As well as the glass spherules that are one of the hallmarks of impact ejecta on Earth and more so on the Moon’s surface, some of the larger known impact craters are associated with various kinds of glassy rock produced by instantaneous melting. Some of this melt-rock occurs in thin dykes, but sometimes there is an entire layer of once molten ‘country’ rock at the impact site. The most spectacular is in the Manicougan crater in Quebec, Canada. In fact a 1 km thick impact-melt sheet dominates most of the 90 km wide structure and it is reputed to be the most homogeneous large rock mass known, being a chemical average of every rock type involved in the Triassic asteroid strike. Not all craters are so well endowed with an actual sheet of melt-rock. This has puzzled some geologists, especially those who studied the much larger (160 km) Vredfort Dome in South Africa, which formed around 2 billion years ago. As the name suggests this is now a positive circular topographic anomaly, probably due to rebound and erosional unloading, the structure extending down 20 km into the ancient continental lithosphere of the Kaapvaal craton. Vredfort has some cracking dykes of pseudotachylite but apparently no impact melt sheet. It has vanished, probably through erosion, but a relic has been found (Cupelli, C.L. et al. 2014. Discovery of mafic impact melt in the centre of the Vredfort dome: Archetype for continental residua of early Earth cratering? Geology, v. 42, p. 403-406). One reason for it having gone undiscovered until now is that it is mafic in composition, and resembles an igneous gabbro intrusion. Isotope geochemistry refutes that mundane origin. It is far younger than the rocks that were zapped, and may well have formed as huge energy penetrated to the lower crust and even the upper mantle to melt a sizeable percentage of 2.7 to 3.0 Ga old mafic and ultramafic rock.

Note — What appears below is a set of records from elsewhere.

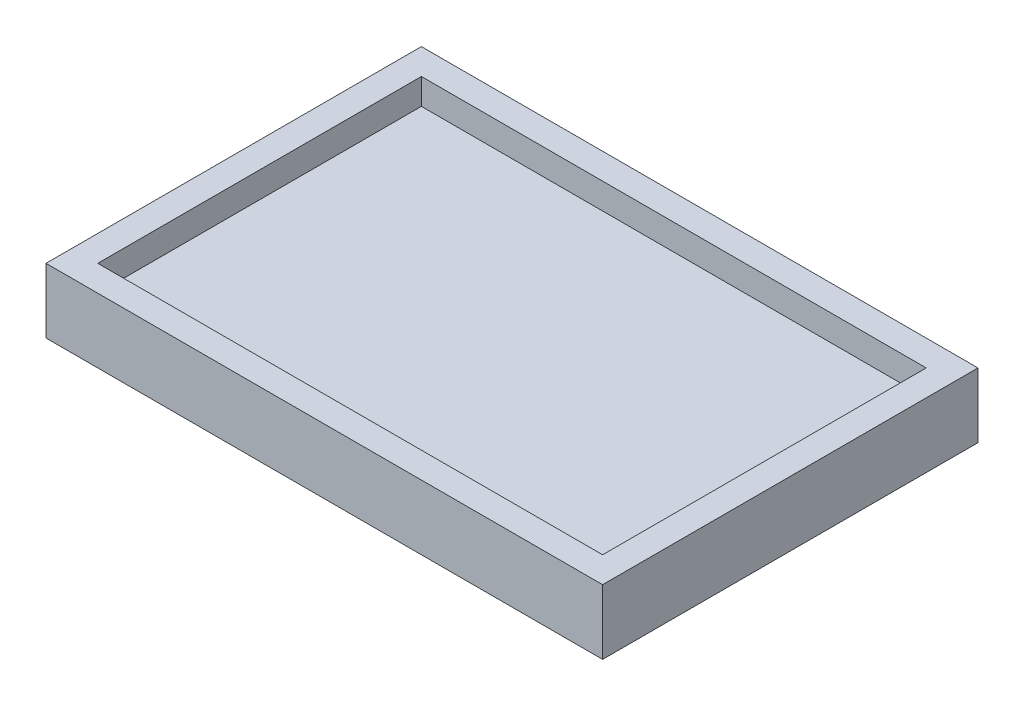
SolidWorks part; units mm, degrees
ref_plane "Plan de face" through (0, 0, 0) normal (0, 0, 1) x (1, 0, 0)
ref_plane "Plan de dessus" through (0, 0, 0) normal (0, 1, 0) x (1, 0, 0)
ref_plane "Plan de droite" through (0, 0, 0) normal (1, 0, 0) x (0, 0, -1)
sketch "Esquisse1" plane through (0, 0, 0) normal (0, 1, 0) x (1, 0, 0)
  line L5 (-21.5, 14.5) -> (21.5, 14.5)
  line L6 (-21.5, 14.5) -> (-21.5, -14.5)
  line L7 (-21.5, -14.5) -> (21.5, -14.5)
  line L8 (21.5, 14.5) -> (21.5, -14.5)
  dimension "D1" = 43
  dimension "D2" = 21.5
  dimension "D3" = 29
  dimension "D4" = 14.5
extrude "Boss.-Extru.1" add sketch "Esquisse1" along normal blind 5
sketch "Esquisse3" plane through (0, 5, 0) normal (0, 1, 0) x (1, 0, 0)
  line L8 (-19.5, 12.5) -> (-19.5, -12.5)
  line L9 (-19.5, -12.5) -> (19.5, -12.5)
  line L10 (19.5, -12.5) -> (19.5, 12.5)
  line L11 (19.5, 12.5) -> (-19.5, 12.5)
  line L12 (-19.5, 12.5) -> (-19.5, -12.5)
  line L13 (-19.5, -12.5) -> (19.5, -12.5)
  line L14 (19.5, -12.5) -> (19.5, 12.5)
  line L15 (19.5, 12.5) -> (-19.5, 12.5)
  dimension "D1" = 2
extrude "Enlèv. mat.-Extru.2" cut sketch "Esquisse3" against normal blind 2
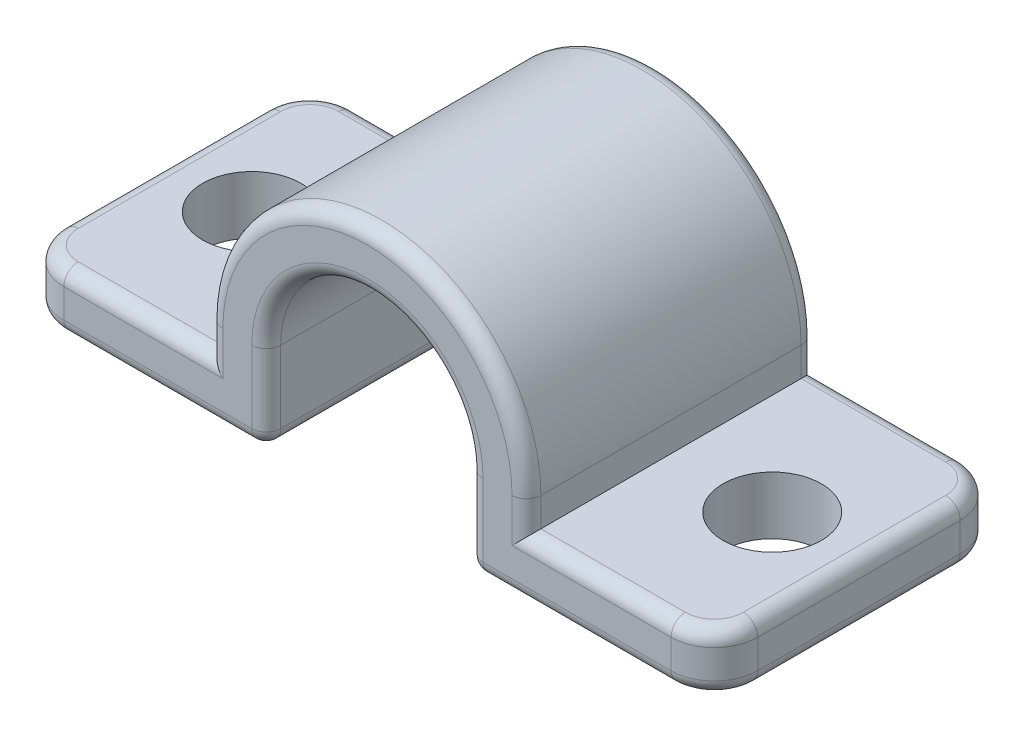
SolidWorks part; units mm, degrees
ref_plane "Front Plane" through (0, 0, 0) normal (0, 0, 1) x (1, 0, 0)
ref_plane "Top Plane" through (0, 0, 0) normal (0, 1, 0) x (1, 0, 0)
ref_plane "Right Plane" through (0, 0, 0) normal (1, 0, 0) x (0, 0, -1)
sketch "Sketch1" plane through (0, 0, 0) normal (0, 0, 1) x (1, 0, 0)
  line L0 (0, -1) -> (0, -3) construction
  line L1 (-12, -1) -> (12, -1)
  line L2 (-12, -1) -> (-12, -3)
  line L3 (-12, -3) -> (12, -3)
  line L4 (12, -1) -> (12, -3)
  line L5 (-11.2192, -3.5) -> (11.2192, -3.5) construction
  line L6 (-3.5, 0) -> (-3.5, -1)
  line L7 (3.5, 0) -> (3.5, -1)
  line L8 (5.5, 0) -> (5.5, -1)
  line L9 (-5.5, 0) -> (-5.5, -1)
  line L10 (-3.5, -1) -> (-3.5, -3)
  line L11 (3.5, -1) -> (3.5, -3)
  circle A0 centre (0, 0) radius 3.5
  circle A1 centre (0, 0) radius 5.5
  point P14 (0, -3.5)
  dimension "D1" = 7
  dimension "D2" = 2
  dimension "D3" = 2
  dimension "D4" = 1
  dimension "D5" = 24
extrude "Boss-Extrude1" add sketch "Sketch1" along normal blind 10 contours A1 L1 L6 A0 L7 | A1 L1 L8 | A1 L9 L1 | A1 L1 L2 L3 | L1 A1 L3 L10 | L3 A1 L1 L11 | A1 L3 L4 L1
sketch "Sketch2" plane through (0, -1, 0) normal (0, 1, 0) x (1, 0, 0)
  line L0 (-9, -5) -> (9, -5) construction
  line L1 (-12, 0) -> (12, 0)
  line L2 (0, 0) -> (0, -10) construction
  line L3 (-5.5, -10) -> (5.5, -10) construction
  point P1 (9, -5)
  point P11 (-9, -5)
  point P12 (0, -5)
  dimension "D1" = 18
  dimension "D2" = 5
hole_wizard "M3 Clearance Hole1" positions "Sketch2" profile "Sketch4" hole size "M3" standard "ANSI Metric"
sketch "Sketch4" plane through (9, -1, 5) normal (1, 0, 0) x (0, 0, 1)
  line L0 (0, 0) -> (0, 2)
  line L1 (0, 2) -> (1.7, 2)
  line L2 (1.7, 2) -> (1.7, 0)
  line L5 (1.7, 0) -> (0, 0)
  line L11 (0, -6.35) -> (0, 107.95) construction
  dimension "Thru Hole Dia." = 3.4
  dimension "Thru Hole Depth" = 2
sketch "Sketch5" plane through (0, 0, 0) normal (0, 0, -1) x (-1, 0, 0)
  line L0 (-5.5, -1) -> (-5.5, -3)
  line L1 (5.5, -1) -> (5.5, -3)
  line L10 (-5.5, -1) -> (-12, -1)
  line L11 (-12, -1) -> (-12, -3)
  line L12 (-12, -3) -> (-3.5, -3)
  line L13 (-3.5, -3) -> (-3.5, 0)
  line L14 (3.5, 0) -> (3.5, -3)
  line L15 (3.5, -3) -> (12, -3)
  line L16 (12, -3) -> (12, -1)
  line L17 (12, -1) -> (5.5, -1)
  line L18 (5.5, -1) -> (5.5, 0)
  line L19 (-5.5, 0) -> (-5.5, -1)
  line L20 (-5.5, -1) -> (-12, -1)
  line L21 (-12, -1) -> (-12, -3)
  line L22 (-12, -3) -> (-3.5, -3)
  line L23 (-3.5, -3) -> (-3.5, 0)
  line L24 (3.5, 0) -> (3.5, -3)
  line L25 (3.5, -3) -> (12, -3)
  line L26 (12, -3) -> (12, -1)
  line L27 (12, -1) -> (5.5, -1)
  line L28 (5.5, -1) -> (5.5, 0)
  line L29 (-5.5, 0) -> (-5.5, -1)
  arc A2 (3.5, 0) -> (-3.5, 0) centre (0, 0) ccw
  arc A3 (5.5, 0) -> (-5.5, 0) centre (0, 0) ccw
  arc A4 (3.5, 0) -> (-3.5, 0) centre (0, 0) ccw
  arc A5 (5.5, 0) -> (-5.5, 0) centre (0, 0) ccw
  dimension "D1" = 0
sketch "Sketch7" plane through (0, -1, 0) normal (0, 1, 0) x (1, 0, 0)
  line L0 (-12, -10) -> (-5.5, -10) construction
  line L1 (-9, -5) -> (9, -5) construction
  line L2 (-9, -5) -> (-9, -7) construction
  line L3 (-9, -7) -> (9, -7) construction
  line L4 (9, -5) -> (9, -7) construction
  point P1 (9, -7)
  point P2 (-9, -7)
  dimension "D1" = 18
  dimension "D2" = 3
fillet "Fillet1" radius 1.5 4 edges at (12, -2, 0) (12, -2, 10) (-12, -2, 0) (-12, -2, 10)
fillet "Fillet2" radius 0.5 34 edges at (3.5, -1.5, 0) (3.5, -1.5, 10) (-3.5, -1.5, 0) (-3.5, -1.5, 10) (-8, -1, 10) (-11.5607, -1, 9.5607) (-12, -1, 5) (-11.5607, -1, 0.4393) (8, -1, 10) (11.5607, -1, 9.5607) (12, -1, 5) (11.5607, -1, 0.4393) (5.5, -0.5, 0) (5.5, -0.5, 10) (-5.5, -0.5, 0) (-5.5, -0.5, 10) (0, 3.5, 0) (0, 3.5, 10) (-8, -1, 0) (8, -1, 0) (0, 5.5, 0) (0, 5.5, 10) (7, -3, 0) (11.5607, -3, 0.4393) (12, -3, 5) (11.5607, -3, 9.5607) (-7, -3, 10) (-7, -3, 0) (-11.5607, -3, 0.4393) (-12, -3, 5) (3.5, -3, 5) (7, -3, 10) (-3.5, -3, 5) (-11.5607, -3, 9.5607)

Oddly, the same issue of Geology contains an article that also bears on the Vredfort Dome structure (Huber, M.S. et al. 2014. Impact spherules from Karelia, Russia: Possible ejecta from the 2.02 Ga Vredfort impact event. Geology, v. 42, p. 375-378). Drill core from a Palaeoproterozoic limestone revealed millimetre-sized glass droplets containing excess iridium – an element at high concentration in a variety of meteorites. The link to Vredfort is the age of the sediments, which are between 1.98 and 2.05 Ga, neatly bracketing the timing of the large South African impact. Using reasonably well-constrained palaeogeographic positions at that time for Karelia and the Kaapvaal craton suggests that the glassy ejecta, if indeed they are from Vredfort, must have been flung over 2500 km.